**Problem description**
Give back every line of the material below exactly, but no images.

**Task input**
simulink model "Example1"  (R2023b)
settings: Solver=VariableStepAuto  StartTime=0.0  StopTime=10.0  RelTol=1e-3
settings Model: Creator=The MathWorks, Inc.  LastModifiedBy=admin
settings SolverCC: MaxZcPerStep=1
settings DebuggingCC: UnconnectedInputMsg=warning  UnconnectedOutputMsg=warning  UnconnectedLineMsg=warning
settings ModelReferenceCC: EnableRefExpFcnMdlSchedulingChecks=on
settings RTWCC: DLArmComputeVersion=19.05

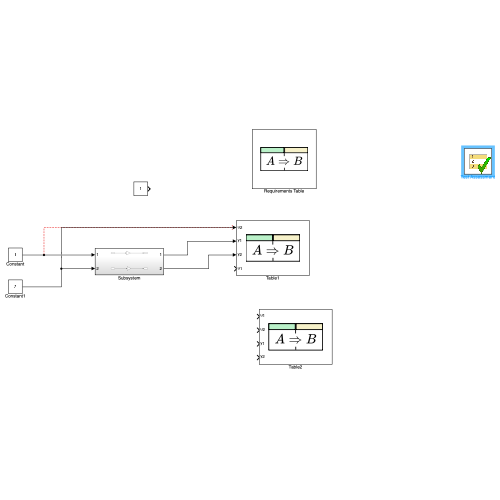
[thumbnail: Simulink's stored preview of the top-level diagram]
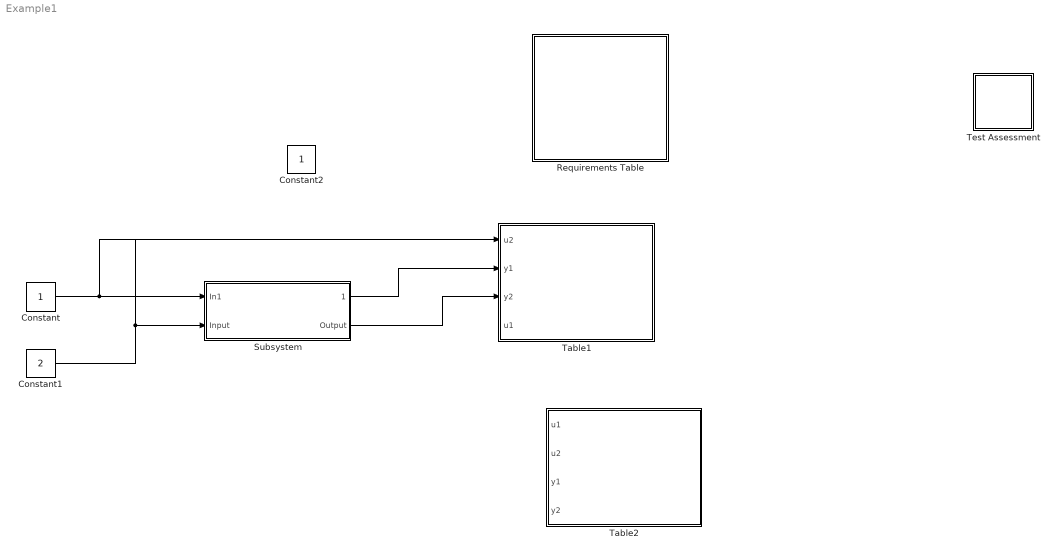
== system Example1 ==
  Constant : Constant
  Constant1 : Constant  Value=2
  Constant2 : Constant
  Requirements Table : Requirements Table  TreatAsAtomicUnit=on
  Subsystem : Subsystem
  Table1 : Requirements Table  TreatAsAtomicUnit=on
  Table2 : Requirements Table  TreatAsAtomicUnit=on
  Test Assessment : Test Sequence  TreatAsAtomicUnit=on
  wires:
  Subsystem/2(Output) -> Table1/3(y2)
  Constant/1 -> Subsystem/1(In1)
  Constant1/1 -> Subsystem/2(Input), Table1/1(u2)
  Subsystem/1(1) -> Table1/2(y1)

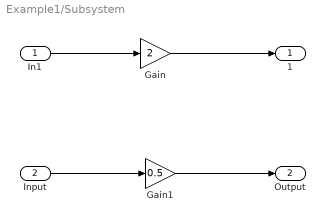
== system Example1/Subsystem ==
  In1 : Inport
  Input : Inport  Port=2
  Gain : Gain  Gain=2
  Gain1 : Gain  Gain=0.5
  1 : Outport
  Output : Outport  Port=2
  wires:
  Gain/1 -> 1/1
  In1/1 -> Gain/1
  Input/1 -> Gain1/1
  Gain1/1 -> Output/1

== stateflow chart Example1/Table2 ==
  (default) -> (junction 1073742791)
  (junction 1073742791) -> (junction 1073742792) : {
      | % SF_REQ_REV_07
      | }
  (junction 1073742792) -> (junction 1073742794) : {
      | % HEADER_ASSIGNMENTS
      |
      | }
  (junction 1073742794) -> (junction 1073742796) : {
      | % START_A_4
      | }
  (junction 1073742796) -> (junction 1073742798) : {
      | }
  (junction 1073742798) -> (junction 1073742800)
  (junction 1073742800) -> (junction 1073742802) : {
      | }
  (junction 1073742802) -> (junction 1073742804) : {
      | % END_A_4
      | }
  (junction 1073742804) -> (junction 1073742806) : {
      | % START_R_7
      | }
  (junction 1073742806) -> (junction 1073742808) : {
      | }
  (junction 1073742808) -> (junction 1073742810)
  (junction 1073742810) -> (junction 1073742812) [order 1] : [(u1==prev(u1)+1)]
  (junction 1073742810) -> (junction 1073742818) [order 2]
  (junction 1073742812) -> (junction 1073742814) : {
      | reqtable_postcondition((y1 == prev(y1)+2), 'R:1');
      |
      |
      | }
  (junction 1073742814) -> (junction 1073742816) : {
      | }
  (junction 1073742816) -> (junction 1073742818)
  (junction 1073742818) -> (junction 1073742820)
  (junction 1073742820) -> (junction 1073742822) : {
      | % END_R_7
      | }
  (junction 1073742822) -> (junction 1073742824) : {
      | % START_R_1
      | }
  (junction 1073742824) -> (junction 1073742826) : {
      | }
  (junction 1073742826) -> (junction 1073742828)
  (junction 1073742828) -> (junction 1073742830) [order 1] : [(u2 > 2)]
  (junction 1073742828) -> (junction 1073742836) [order 2]
  (junction 1073742830) -> (junction 1073742832) : {
      | reqtable_postcondition((y2 > 5), 'R:2');
      |
      |
      | }
  (junction 1073742832) -> (junction 1073742834) : {
      | }
  (junction 1073742834) -> (junction 1073742836)
  (junction 1073742836) -> (junction 1073742838)
  (junction 1073742838) -> (junction 1073742840) : {
      | % END_R_1
      | }
  data: u1 input double; u2 input double; y1 input double; y2 input double

== stateflow chart Example1/Requirements Table ==
  (default) -> (junction 1073741860)
  (junction 1073741860) -> (junction 1073741861) : {
      | % SF_REQ_REV_07
      | }
  (junction 1073741861) -> (junction 1073741863) : {
      | % HEADER_ASSIGNMENTS
      |
      | }
  (junction 1073741863) -> (junction 1073741865) : {
      | % START_A_4
      | }
  (junction 1073741865) -> (junction 1073741867) : {
      | }
  (junction 1073741867) -> (junction 1073741869)
  (junction 1073741869) -> (junction 1073741871) : {
      | }
  (junction 1073741871) -> (junction 1073741873) : {
      | % END_A_4
      | }
  (junction 1073741873) -> (junction 1073741898) : {
      | % START_R_1
      | }
  (junction 1073741898) -> (junction 1073741900) : {
      | }
  (junction 1073741900) -> (junction 1073741902) : {
      |
      |
      | }
  (junction 1073741902) -> (junction 1073741904) : {
      | }
  (junction 1073741904) -> (junction 1073741906) : {
      | % END_R_1
      | }

== stateflow chart Example1/Table1 ==
  (default) -> (junction 1073742791)
  (junction 1073742791) -> (junction 1073742792) : {
      | % SF_REQ_REV_07
      | }
  (junction 1073742792) -> (junction 1073742794) : {
      | % HEADER_ASSIGNMENTS
      |
      | }
  (junction 1073742794) -> (junction 1073742796) : {
      | % START_A_4
      | }
  (junction 1073742796) -> (junction 1073742798) : {
      | }
  (junction 1073742798) -> (junction 1073742800)
  (junction 1073742800) -> (junction 1073742802) : {
      | }
  (junction 1073742802) -> (junction 1073742804) : {
      | % END_A_4
      | }
  (junction 1073742804) -> (junction 1073742806) : {
      | % START_R_7
      | }
  (junction 1073742806) -> (junction 1073742808) : {
      | }
  (junction 1073742808) -> (junction 1073742810)
  (junction 1073742810) -> (junction 1073742812) [order 1] : [(u1==prev(u1)+1)]
  (junction 1073742810) -> (junction 1073742818) [order 2]
  (junction 1073742812) -> (junction 1073742814) : {
      | reqtable_postcondition((y1 == prev(y1)+2), 'R:1');
      |
      |
      | }
  (junction 1073742814) -> (junction 1073742816) : {
      | }
  (junction 1073742816) -> (junction 1073742818)
  (junction 1073742818) -> (junction 1073742820)
  (junction 1073742820) -> (junction 1073742822) : {
      | % END_R_7
      | }
  (junction 1073742822) -> (junction 1073742824) : {
      | % START_R_1
      | }
  (junction 1073742824) -> (junction 1073742826) : {
      | }
  (junction 1073742826) -> (junction 1073742828)
  (junction 1073742828) -> (junction 1073742830) [order 1] : [(u2 > 2)]
  (junction 1073742828) -> (junction 1073742836) [order 2]
  (junction 1073742830) -> (junction 1073742832) : {
      | reqtable_postcondition((y2 > 5), 'R:2');
      |
      |
      | }
  (junction 1073742832) -> (junction 1073742834) : {
      | }
  (junction 1073742834) -> (junction 1073742836)
  (junction 1073742836) -> (junction 1073742838)
  (junction 1073742838) -> (junction 1073742840) : {
      | % END_R_1
      | }
  data: u2 input double; y1 input double; y2 input double; u1 input double; data local

== stateflow chart Example1/Test Assessment ==
  state step_1
    state step_1_1
    state step_1_2
    (default) -> (junction 22)
    step_1 -> (junction 22)
    (junction 22) -> (junction 23) [order 1] : [HECATE_PARAM < 5
        | ]
    (junction 23) -> step_1_1 [order 1] : [~in(step_1.step_1_1)]
    (junction 23) -> (junction 26) [order 2]
    (junction 31) -> (junction 32)
    (junction 32) -> step_1_2 [order 1] : [~in(step_1.step_1_2)]
    (junction 32) -> (junction 35) [order 2]
    (junction 22) -> (junction 31) [order 2]
  (default) -> step_1
  data: HECATE_PARAM parameter

**Solution**
simulink model "Example1"  (R2023b)
settings: Solver=VariableStepAuto  StartTime=0.0  StopTime=10.0  RelTol=1e-3
settings Model: Creator=The MathWorks, Inc.  LastModifiedBy=admin
settings SolverCC: MaxZcPerStep=1
settings DebuggingCC: UnconnectedInputMsg=warning  UnconnectedOutputMsg=warning  UnconnectedLineMsg=warning
settings ModelReferenceCC: EnableRefExpFcnMdlSchedulingChecks=on
settings RTWCC: DLArmComputeVersion=19.05

[thumbnail: Simulink's stored preview of the top-level diagram]
== system Example1 ==
  Constant : Constant
  Constant1 : Constant  Value=2
  Constant2 : Constant
  Requirements Table : Requirements Table  TreatAsAtomicUnit=on
  Subsystem : Subsystem
  Table1 : Requirements Table  TreatAsAtomicUnit=on
  Table2 : Requirements Table  TreatAsAtomicUnit=on
  Test Assessment : Test Sequence  TreatAsAtomicUnit=on
  wires:
  Subsystem/2(Output) -> Table1/3(y2)
  Constant/1 -> Subsystem/1(In1)
  Constant1/1 -> Subsystem/2(Input), Table1/1(u2)
  Subsystem/1(1) -> Table1/2(y1)

== system Example1/Subsystem ==
  In1 : Inport
  Input : Inport  Port=2
  Gain : Gain  Gain=2
  Gain1 : Gain  Gain=0.5
  1 : Outport
  Output : Outport  Port=2
  wires:
  Gain/1 -> 1/1
  In1/1 -> Gain/1
  Input/1 -> Gain1/1
  Gain1/1 -> Output/1

== stateflow chart Example1/Table2 ==
  (default) -> (junction 1073742791)
  (junction 1073742791) -> (junction 1073742792) : {
      | % SF_REQ_REV_07
      | }
  (junction 1073742792) -> (junction 1073742794) : {
      | % HEADER_ASSIGNMENTS
      |
      | }
  (junction 1073742794) -> (junction 1073742796) : {
      | % START_A_4
      | }
  (junction 1073742796) -> (junction 1073742798) : {
      | }
  (junction 1073742798) -> (junction 1073742800)
  (junction 1073742800) -> (junction 1073742802) : {
      | }
  (junction 1073742802) -> (junction 1073742804) : {
      | % END_A_4
      | }
  (junction 1073742804) -> (junction 1073742806) : {
      | % START_R_7
      | }
  (junction 1073742806) -> (junction 1073742808) : {
      | }
  (junction 1073742808) -> (junction 1073742810)
  (junction 1073742810) -> (junction 1073742812) [order 1] : [(u1==prev(u1)+1)]
  (junction 1073742810) -> (junction 1073742818) [order 2]
  (junction 1073742812) -> (junction 1073742814) : {
      | reqtable_postcondition((y1 == prev(y1)+2), 'R:1');
      |
      |
      | }
  (junction 1073742814) -> (junction 1073742816) : {
      | }
  (junction 1073742816) -> (junction 1073742818)
  (junction 1073742818) -> (junction 1073742820)
  (junction 1073742820) -> (junction 1073742822) : {
      | % END_R_7
      | }
  (junction 1073742822) -> (junction 1073742824) : {
      | % START_R_1
      | }
  (junction 1073742824) -> (junction 1073742826) : {
      | }
  (junction 1073742826) -> (junction 1073742828)
  (junction 1073742828) -> (junction 1073742830) [order 1] : [(u2 > 2)]
  (junction 1073742828) -> (junction 1073742836) [order 2]
  (junction 1073742830) -> (junction 1073742832) : {
      | reqtable_postcondition((y2 > 5), 'R:2');
      |
      |
      | }
  (junction 1073742832) -> (junction 1073742834) : {
      | }
  (junction 1073742834) -> (junction 1073742836)
  (junction 1073742836) -> (junction 1073742838)
  (junction 1073742838) -> (junction 1073742840) : {
      | % END_R_1
      | }
  data: u1 input double; u2 input double; y1 input double; y2 input double

== stateflow chart Example1/Requirements Table ==
  (default) -> (junction 1073741860)
  (junction 1073741860) -> (junction 1073741861) : {
      | % SF_REQ_REV_07
      | }
  (junction 1073741861) -> (junction 1073741863) : {
      | % HEADER_ASSIGNMENTS
      |
      | }
  (junction 1073741863) -> (junction 1073741865) : {
      | % START_A_4
      | }
  (junction 1073741865) -> (junction 1073741867) : {
      | }
  (junction 1073741867) -> (junction 1073741869)
  (junction 1073741869) -> (junction 1073741871) : {
      | }
  (junction 1073741871) -> (junction 1073741873) : {
      | % END_A_4
      | }
  (junction 1073741873) -> (junction 1073741898) : {
      | % START_R_1
      | }
  (junction 1073741898) -> (junction 1073741900) : {
      | }
  (junction 1073741900) -> (junction 1073741902) : {
      |
      |
      | }
  (junction 1073741902) -> (junction 1073741904) : {
      | }
  (junction 1073741904) -> (junction 1073741906) : {
      | % END_R_1
      | }

== stateflow chart Example1/Table1 ==
  (default) -> (junction 1073742791)
  (junction 1073742791) -> (junction 1073742792) : {
      | % SF_REQ_REV_07
      | }
  (junction 1073742792) -> (junction 1073742794) : {
      | % HEADER_ASSIGNMENTS
      |
      | }
  (junction 1073742794) -> (junction 1073742796) : {
      | % START_A_4
      | }
  (junction 1073742796) -> (junction 1073742798) : {
      | }
  (junction 1073742798) -> (junction 1073742800)
  (junction 1073742800) -> (junction 1073742802) : {
      | }
  (junction 1073742802) -> (junction 1073742804) : {
      | % END_A_4
      | }
  (junction 1073742804) -> (junction 1073742806) : {
      | % START_R_7
      | }
  (junction 1073742806) -> (junction 1073742808) : {
      | }
  (junction 1073742808) -> (junction 1073742810)
  (junction 1073742810) -> (junction 1073742812) [order 1] : [(u1==prev(u1)+1)]
  (junction 1073742810) -> (junction 1073742818) [order 2]
  (junction 1073742812) -> (junction 1073742814) : {
      | reqtable_postcondition((y1 == prev(y1)+2), 'R:1');
      |
      |
      | }
  (junction 1073742814) -> (junction 1073742816) : {
      | }
  (junction 1073742816) -> (junction 1073742818)
  (junction 1073742818) -> (junction 1073742820)
  (junction 1073742820) -> (junction 1073742822) : {
      | % END_R_7
      | }
  (junction 1073742822) -> (junction 1073742824) : {
      | % START_R_1
      | }
  (junction 1073742824) -> (junction 1073742826) : {
      | }
  (junction 1073742826) -> (junction 1073742828)
  (junction 1073742828) -> (junction 1073742830) [order 1] : [(u2 > 2)]
  (junction 1073742828) -> (junction 1073742836) [order 2]
  (junction 1073742830) -> (junction 1073742832) : {
      | reqtable_postcondition((y2 > 5), 'R:2');
      |
      |
      | }
  (junction 1073742832) -> (junction 1073742834) : {
      | }
  (junction 1073742834) -> (junction 1073742836)
  (junction 1073742836) -> (junction 1073742838)
  (junction 1073742838) -> (junction 1073742840) : {
      | % END_R_1
      | }
  data: u2 input double; y1 input double; y2 input double; u1 input double; data local

== stateflow chart Example1/Test Assessment ==
  state step_1
    state step_1_1
    state step_1_2
    (default) -> (junction 22)
    step_1 -> (junction 22)
    (junction 22) -> (junction 23) [order 1] : [HECATE_PARAM < 5
        | ]
    (junction 23) -> step_1_1 [order 1] : [~in(step_1.step_1_1)]
    (junction 23) -> (junction 26) [order 2]
    (junction 31) -> (junction 32)
    (junction 32) -> step_1_2 [order 1] : [~in(step_1.step_1_2)]
    (junction 32) -> (junction 35) [order 2]
    (junction 22) -> (junction 31) [order 2]
  (default) -> step_1
  data: HECATE_PARAM parameter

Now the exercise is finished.